Action item = For the entries below, repeat exactly each line starting with the one that contains "# Drawn here: x" and going on through the one that contains "msp = doc.modelspace()", and no others.

Record excerpts =
::::::::

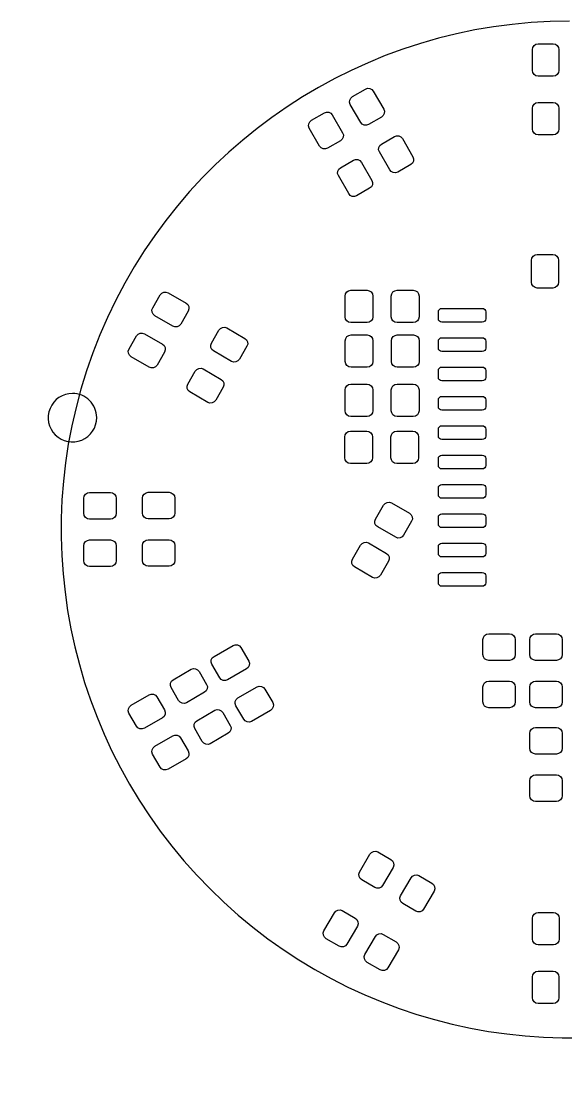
# Model space of a CAD drawing. Extents: x 85072182 to 119775114, y 71127569 to 105425500.
# Drawn here: x 85072182 to 102751598, y 71127569 to 105425500 of the extents above; entities that cross this region are included whole.
import ezdxf

# ---------------------------------------------------------------- set-up
doc = ezdxf.new("R2010")
doc.units = 0
doc.layers.get('0').update_dxf_attribs({"linetype": 'CONTINUOUS'})

msp = doc.modelspace()

# ---------------------------------------------------------------- linework, layer by layer
at = {"color": 7}
for points in [[(101663346.818916, 104502999.523254), (101677619.332508, 104574752.841588), (101718264.121216, 104635582.399519), (101779093.679147, 104676227.188227), (101850846.997481, 104690499.701819), (102338347.461751, 104690499.701819), (102410100.780085, 104676227.188227), (102470930.338016, 104635582.399519), (102511575.126724, 104574752.841588), (102525847.640317, 104502999.523254), (102525847.640317, 103827998.880418), (102511575.126724, 103756245.562084), (102470930.338016, 103695416.004153), (102410100.780085, 103654771.215445), (102338347.461751, 103640498.701853), (101850846.997481, 103640498.701853), (101779093.679147, 103654771.215445), (101718264.121216, 103695416.004153), (101677619.332508, 103756245.562084), (101663346.818916, 103827998.880418)], [(95754624.441754, 102721531.076676), (95731108.169358, 102790807.892651), (95735893.173915, 102863809.962175), (95768250.454731, 102929424.524663), (95823254.757114, 102977661.570601), (96245442.159183, 103221411.802736), (96314718.975159, 103244928.075132), (96387721.044682, 103240143.070575), (96453335.60717, 103207785.789759), (96501572.653109, 103152781.487376), (96839072.974527, 102568214.430665), (96862589.246922, 102498937.614689), (96857804.242365, 102425935.545166), (96825446.96155, 102360320.982678), (96770442.659167, 102312083.936739), (96348255.257097, 102068333.704604), (96278978.441121, 102044817.432208), (96205976.371598, 102049602.436765), (96140361.80911, 102081959.717581), (96092124.763172, 102136964.019964)], [(101663346.818916, 102597997.709029), (101677619.332508, 102669751.027363), (101718264.121216, 102730580.585294), (101779093.679147, 102771225.374002), (101850846.997481, 102785497.887594), (102338347.461751, 102785497.887594), (102410100.780085, 102771225.374002), (102470930.338016, 102730580.585294), (102511575.126724, 102669751.027363), (102525847.640317, 102597997.709029), (102525847.640317, 101922997.066193), (102511575.126724, 101851243.747859), (102470930.338016, 101790414.189928), (102410100.780085, 101749769.40122), (102338347.461751, 101735496.887628), (101850846.997481, 101735496.887628), (101779093.679147, 101749769.40122), (101718264.121216, 101790414.189928), (101677619.332508, 101851243.747859), (101663346.818916, 101922997.066193)], [(94423109.173688, 101952780.344557), (94399592.901292, 102022057.160533), (94404377.905849, 102095059.230056), (94436735.186664, 102160673.792544), (94491739.489048, 102208910.838483), (94913926.891117, 102452661.070618), (94983203.707093, 102476177.343013), (95056205.776616, 102471392.338456), (95121820.339104, 102439035.057641), (95170057.385042, 102384030.755258), (95507557.70646, 101799463.698546), (95531073.978856, 101730186.882571), (95526288.974299, 101657184.813047), (95493931.693484, 101591570.250559), (95438927.3911, 101543333.204621), (95016739.989031, 101299582.972486), (94947463.173055, 101276066.70009), (94874461.103532, 101280851.704647), (94808846.541044, 101313208.985462), (94760609.495105, 101368213.287846)], [(96699125.091247, 101179798.858409), (96675608.818852, 101249075.674385), (96680393.823409, 101322077.743909), (96712751.104224, 101387692.306396), (96767755.406607, 101435929.352335), (97189942.808677, 101679679.58447), (97259219.624653, 101703195.856866), (97332221.694176, 101698410.852309), (97397836.256664, 101666053.571493), (97446073.302602, 101611049.26911), (97783573.62402, 101026482.212399), (97807089.896416, 100957205.396423), (97802304.891859, 100884203.3269), (97769947.611043, 100818588.764412), (97714943.30866, 100770351.718473), (97292755.906591, 100526601.486338), (97223479.090615, 100503085.213942), (97150477.021092, 100507870.218499), (97084862.458604, 100540227.499315), (97036625.412665, 100595231.801698)], [(95367609.823181, 100411048.126291), (95344093.550785, 100480324.942267), (95348878.555342, 100553327.01179), (95381235.836158, 100618941.574278), (95436240.138541, 100667178.620216), (95858427.540611, 100910928.852352), (95927704.356586, 100934445.124747), (96000706.42611, 100929660.12019), (96066320.988598, 100897302.839375), (96114558.034536, 100842298.536992), (96452058.355954, 100257731.48028), (96475574.62835, 100188454.664305), (96470789.623793, 100115452.594781), (96438432.342977, 100049838.032293), (96383428.040594, 100001600.986355), (95961240.638524, 99757850.75422), (95891963.822549, 99734334.481824), (95818961.753025, 99739119.486381), (95753347.190537, 99771476.767196), (95705110.144599, 99826481.06958)], [(101635221.792131, 97663743.0099), (101649494.305723, 97735496.328234), (101690139.094431, 97796325.886165), (101750968.652362, 97836970.674873), (101822721.970696, 97851243.188465), (102328972.452823, 97851243.188465), (102400725.771157, 97836970.674873), (102461555.329088, 97796325.886165), (102502200.117796, 97735496.328234), (102516472.631388, 97663743.0099), (102516472.631388, 96951242.331351), (102502200.117796, 96879489.013017), (102461555.329088, 96818659.455086), (102400725.771157, 96778014.666378), (102328972.452823, 96763742.152785), (101822721.970696, 96763742.152785), (101750968.652362, 96778014.666378), (101690139.094431, 96818659.455086), (101649494.305723, 96879489.013017), (101635221.792131, 96951242.331351)], [(89411551.900939, 95863524.545465), (89356547.598556, 95911761.591403), (89324190.317741, 95977376.153891), (89319405.313184, 96050378.223414), (89342921.58558, 96119655.03939), (89586671.817715, 96541842.44146), (89634908.863653, 96596846.743843), (89700523.426141, 96629204.024658), (89773525.495664, 96633989.029215), (89842802.31164, 96610472.75682), (90427369.368352, 96272972.435402), (90482373.670735, 96224735.389463), (90514730.95155, 96159120.826975), (90519515.956107, 96086118.757452), (90495999.683711, 96016841.941476), (90252249.451576, 95594654.539407), (90204012.405638, 95539650.237024), (90138397.84315, 95507292.956208), (90065395.773627, 95502507.951651), (89996118.957651, 95526024.224047)], [(96486091.888366, 95826991.260672), (96471819.374773, 95755237.942338), (96431174.586065, 95694408.384407), (96370345.028134, 95653763.595699), (96298591.7098, 95639491.082107), (95773591.209817, 95639491.082107), (95701837.891483, 95653763.595699), (95641008.333552, 95694408.384407), (95600363.544844, 95755237.942338), (95586091.031251, 95826991.260672), (95586091.031251, 96501991.903508), (95600363.544844, 96573745.221842), (95641008.333552, 96634574.779773), (95701837.891483, 96675219.568481), (95773591.209817, 96689492.082073), (96298591.7098, 96689492.082073), (96370345.028134, 96675219.568481), (96431174.586065, 96634574.779773), (96471819.374773, 96573745.221842), (96486091.888366, 96501991.903508)], [(97986093.316889, 95826991.260672), (97971820.803297, 95755237.942338), (97931176.014589, 95694408.384407), (97870346.456658, 95653763.595699), (97798593.138324, 95639491.082107), (97273592.638341, 95639491.082107), (97201839.320006, 95653763.595699), (97141009.762076, 95694408.384407), (97100364.973368, 95755237.942338), (97086092.459775, 95826991.260672), (97086092.459775, 96501991.903508), (97100364.973368, 96573745.221842), (97141009.762076, 96634574.779773), (97201839.320006, 96675219.568481), (97273592.638341, 96689492.082073), (97798593.138324, 96689492.082073), (97870346.456658, 96675219.568481), (97931176.014589, 96634574.779773), (97971820.803297, 96573745.221842), (97986093.316889, 96501991.903508)], [(98613843.914727, 95991241.417096), (98622407.422882, 96034293.708096), (98646794.446107, 96070790.992855), (98683291.730865, 96095178.016079), (98726344.021866, 96103741.524235), (100038845.271824, 96103741.524235), (100081897.562825, 96095178.016079), (100118394.847583, 96070790.992855), (100142781.870808, 96034293.708096), (100151345.378964, 95991241.417096), (100151345.378964, 95766241.202817), (100142781.870808, 95723188.911816), (100118394.847583, 95686691.627058), (100081897.562825, 95662304.603833), (100038845.271824, 95653741.095678), (98726344.021866, 95653741.095678), (98683291.730865, 95662304.603833), (98646794.446107, 95686691.627058), (98622407.422882, 95723188.911816), (98613843.914727, 95766241.202817)], [(91316553.715165, 94720523.45693), (91261549.412781, 94768760.502868), (91229192.131966, 94834375.065356), (91224407.127409, 94907377.134879), (91247923.399805, 94976653.950855), (91491673.63194, 95398841.352924), (91539910.677878, 95453845.655308), (91605525.240366, 95486202.936123), (91678527.30989, 95490987.94068), (91747804.125865, 95467471.668284), (92332371.182577, 95129971.346867), (92387375.48496, 95081734.300928), (92419732.765775, 95016119.73844), (92424517.770332, 94943117.668917), (92401001.497937, 94873840.852941), (92157251.265802, 94451653.450872), (92109014.219863, 94396649.148488), (92043399.657375, 94364291.867673), (91970397.587852, 94359506.863116), (91901120.771876, 94383023.135512)], [(88642801.168821, 94532009.277398), (88587796.866438, 94580246.323337), (88555439.585622, 94645860.885825), (88550654.581065, 94718862.955348), (88574170.853461, 94788139.771324), (88817921.085596, 95210327.173393), (88866158.131535, 95265331.475777), (88931772.694023, 95297688.756592), (89004774.763546, 95302473.761149), (89074051.579522, 95278957.488753), (89658618.636233, 94941457.167335), (89713622.938616, 94893220.121397), (89745980.219432, 94827605.558909), (89750765.223989, 94754603.489386), (89727248.951593, 94685326.67341), (89483498.719458, 94263139.27134), (89435261.673519, 94208134.968957), (89369647.111032, 94175777.688142), (89296645.041508, 94170992.683585), (89227368.225532, 94194508.955981)], [(96491737.143742, 94379261.131929), (96477464.630149, 94307507.813595), (96436819.841441, 94246678.255664), (96375990.283511, 94206033.466956), (96304236.965176, 94191760.953363), (95779236.465193, 94191760.953363), (95707483.146859, 94206033.466956), (95646653.588928, 94246678.255664), (95606008.80022, 94307507.813595), (95591736.286628, 94379261.131929), (95591736.286628, 95054261.774765), (95606008.80022, 95126015.093099), (95646653.588928, 95186844.65103), (95707483.146859, 95227489.439738), (95779236.465193, 95241761.95333), (96304236.965176, 95241761.95333), (96375990.283511, 95227489.439738), (96436819.841441, 95186844.65103), (96477464.630149, 95126015.093099), (96491737.143742, 95054261.774765)], [(97991738.572266, 94379261.131929), (97977466.058673, 94307507.813595), (97936821.269965, 94246678.255664), (97875991.712034, 94206033.466956), (97804238.3937, 94191760.953363), (97279237.893717, 94191760.953363), (97207484.575383, 94206033.466956), (97146655.017452, 94246678.255664), (97106010.228744, 94307507.813595), (97091737.715151, 94379261.131929), (97091737.715151, 95054261.774765), (97106010.228744, 95126015.093099), (97146655.017452, 95186844.65103), (97207484.575383, 95227489.439738), (97279237.893717, 95241761.95333), (97804238.3937, 95241761.95333), (97875991.712034, 95227489.439738), (97936821.269965, 95186844.65103), (97977466.058673, 95126015.093099), (97991738.572266, 95054261.774765)], [(98613843.914727, 95038740.509983), (98622407.422882, 95081792.800984), (98646794.446107, 95118290.085742), (98683291.730865, 95142677.108967), (98726344.021866, 95151240.617122), (100038845.271824, 95151240.617122), (100081897.562825, 95142677.108967), (100118394.847583, 95118290.085742), (100142781.870808, 95081792.800984), (100151345.378964, 95038740.509983), (100151345.378964, 94813740.295704), (100142781.870808, 94770688.004704), (100118394.847583, 94734190.719946), (100081897.562825, 94709803.696721), (100038845.271824, 94701240.188565), (98726344.021866, 94701240.188565), (98683291.730865, 94709803.696721), (98646794.446107, 94734190.719946), (98622407.422882, 94770688.004704), (98613843.914727, 94813740.295704)], [(90547802.983046, 93389008.188863), (90492798.680663, 93437245.234802), (90460441.399848, 93502859.79729), (90455656.395291, 93575861.866813), (90479172.667686, 93645138.682789), (90722922.899821, 94067326.084858), (90771159.94576, 94122330.387241), (90836774.508248, 94154687.668057), (90909776.577771, 94159472.672614), (90979053.393747, 94135956.400218), (91563620.450458, 93798456.0788), (91618624.752842, 93750219.032862), (91650982.033657, 93684604.470374), (91655767.038214, 93611602.40085), (91632250.765818, 93542325.584875), (91388500.533683, 93120138.182805), (91340263.487745, 93065133.880422), (91274648.925257, 93032776.599607), (91201646.855733, 93027991.59505), (91132370.039758, 93051507.867445)], [(98613843.914727, 94086239.60287), (98622407.422882, 94129291.893871), (98646794.446107, 94165789.178629), (98683291.730865, 94190176.201854), (98726344.021866, 94198739.71001), (100038845.271824, 94198739.71001), (100081897.562825, 94190176.201854), (100118394.847583, 94165789.178629), (100142781.870808, 94129291.893871), (100151345.378964, 94086239.60287), (100151345.378964, 93861239.388592), (100142781.870808, 93818187.097591), (100118394.847583, 93781689.812833), (100081897.562825, 93757302.789608), (100038845.271824, 93748739.281453), (98726344.021866, 93748739.281453), (98683291.730865, 93757302.789608), (98646794.446107, 93781689.812833), (98622407.422882, 93818187.097591), (98613843.914727, 93861239.388592)], [(96486091.888366, 92778988.357912), (96471819.374773, 92707235.039578), (96431174.586065, 92646405.481647), (96370345.028134, 92605760.692939), (96298591.7098, 92591488.179346), (95773591.209817, 92591488.179346), (95701837.891483, 92605760.692939), (95641008.333552, 92646405.481647), (95600363.544844, 92707235.039578), (95586091.031251, 92778988.357912), (95586091.031251, 93453989.000748), (95600363.544844, 93525742.319082), (95641008.333552, 93586571.877013), (95701837.891483, 93627216.665721), (95773591.209817, 93641489.179313), (96298591.7098, 93641489.179313), (96370345.028134, 93627216.665721), (96431174.586065, 93586571.877013), (96471819.374773, 93525742.319082), (96486091.888366, 93453989.000748)], [(97986093.316889, 92778988.357912), (97971820.803297, 92707235.039578), (97931176.014589, 92646405.481647), (97870346.456658, 92605760.692939), (97798593.138324, 92591488.179346), (97273592.638341, 92591488.179346), (97201839.320006, 92605760.692939), (97141009.762076, 92646405.481647), (97100364.973368, 92707235.039578), (97086092.459775, 92778988.357912), (97086092.459775, 93453989.000748), (97100364.973368, 93525742.319082), (97141009.762076, 93586571.877013), (97201839.320006, 93627216.665721), (97273592.638341, 93641489.179313), (97798593.138324, 93641489.179313), (97870346.456658, 93627216.665721), (97931176.014589, 93586571.877013), (97971820.803297, 93525742.319082), (97986093.316889, 93453989.000748)], [(86737582.604389, 93342988.895037)], [(98613843.914727, 93133738.695758), (98622407.422882, 93176790.986759), (98646794.446107, 93213288.271517), (98683291.730865, 93237675.294742), (98726344.021866, 93246238.802897), (100038845.271824, 93246238.802897), (100081897.562825, 93237675.294742), (100118394.847583, 93213288.271517), (100142781.870808, 93176790.986759), (100151345.378964, 93133738.695758), (100151345.378964, 92908738.481479), (100142781.870808, 92865686.190478), (100118394.847583, 92829188.90572), (100081897.562825, 92804801.882495), (100038845.271824, 92796238.37434), (98726344.021866, 92796238.37434), (98683291.730865, 92804801.882495), (98646794.446107, 92829188.90572), (98622407.422882, 92865686.190478), (98613843.914727, 92908738.481479)], [(98613843.914727, 92181237.788645), (98622407.422882, 92224290.079646), (98646794.446107, 92260787.364404), (98683291.730865, 92285174.387629), (98726344.021866, 92293737.895784), (100038845.271824, 92293737.895784), (100081897.562825, 92285174.387629), (100118394.847583, 92260787.364404), (100142781.870808, 92224290.079646), (100151345.378964, 92181237.788645), (100151345.378964, 91956237.574367), (100142781.870808, 91913185.283366), (100118394.847583, 91876687.998608), (100081897.562825, 91852300.975383), (100038845.271824, 91843737.467227), (98726344.021866, 91843737.467227), (98683291.730865, 91852300.975383), (98646794.446107, 91876687.998608), (98622407.422882, 91913185.283366), (98613843.914727, 91956237.574367)], [(96474091.876937, 91254986.906532), (96459819.363345, 91183233.588198), (96419174.574637, 91122404.030267), (96358345.016706, 91081759.241559), (96286591.698372, 91067486.727966), (95761591.198389, 91067486.727966), (95689837.880054, 91081759.241559), (95629008.322124, 91122404.030267), (95588363.533416, 91183233.588198), (95574091.019823, 91254986.906532), (95574091.019823, 91929987.549367), (95588363.533416, 92001740.867702), (95629008.322124, 92062570.425632), (95689837.880054, 92103215.21434), (95761591.198389, 92117487.727933), (96286591.698372, 92117487.727933), (96358345.016706, 92103215.21434), (96419174.574637, 92062570.425632), (96459819.363345, 92001740.867702), (96474091.876937, 91929987.549367)], [(97974093.305461, 91254986.906532), (97959820.791869, 91183233.588198), (97919176.003161, 91122404.030267), (97858346.44523, 91081759.241559), (97786593.126896, 91067486.727966), (97261592.626912, 91067486.727966), (97189839.308578, 91081759.241559), (97129009.750647, 91122404.030267), (97088364.961939, 91183233.588198), (97074092.448347, 91254986.906532), (97074092.448347, 91929987.549367), (97088364.961939, 92001740.867702), (97129009.750647, 92062570.425632), (97189839.308578, 92103215.21434), (97261592.626912, 92117487.727933), (97786593.126896, 92117487.727933), (97858346.44523, 92103215.21434), (97919176.003161, 92062570.425632), (97959820.791869, 92001740.867702), (97974093.305461, 91929987.549367)], [(98613843.914727, 91228736.881533), (98622407.422882, 91271789.172533), (98646794.446107, 91308286.457291), (98683291.730865, 91332673.480516), (98726344.021866, 91341236.988672), (100038845.271824, 91341236.988672), (100081897.562825, 91332673.480516), (100118394.847583, 91308286.457291), (100142781.870808, 91271789.172533), (100151345.378964, 91228736.881533), (100151345.378964, 91003736.667254), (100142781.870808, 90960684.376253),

::::::::

Result of this exercise =
# Drawn here: x 85072182 to 102751598, y 71127569 to 105425500 of the extents above; entities that cross this region are included whole.
import ezdxf

# ---------------------------------------------------------------- set-up
doc = ezdxf.new("R2010")
doc.units = 0
doc.layers.get('0').update_dxf_attribs({"linetype": 'CONTINUOUS'})

msp = doc.modelspace()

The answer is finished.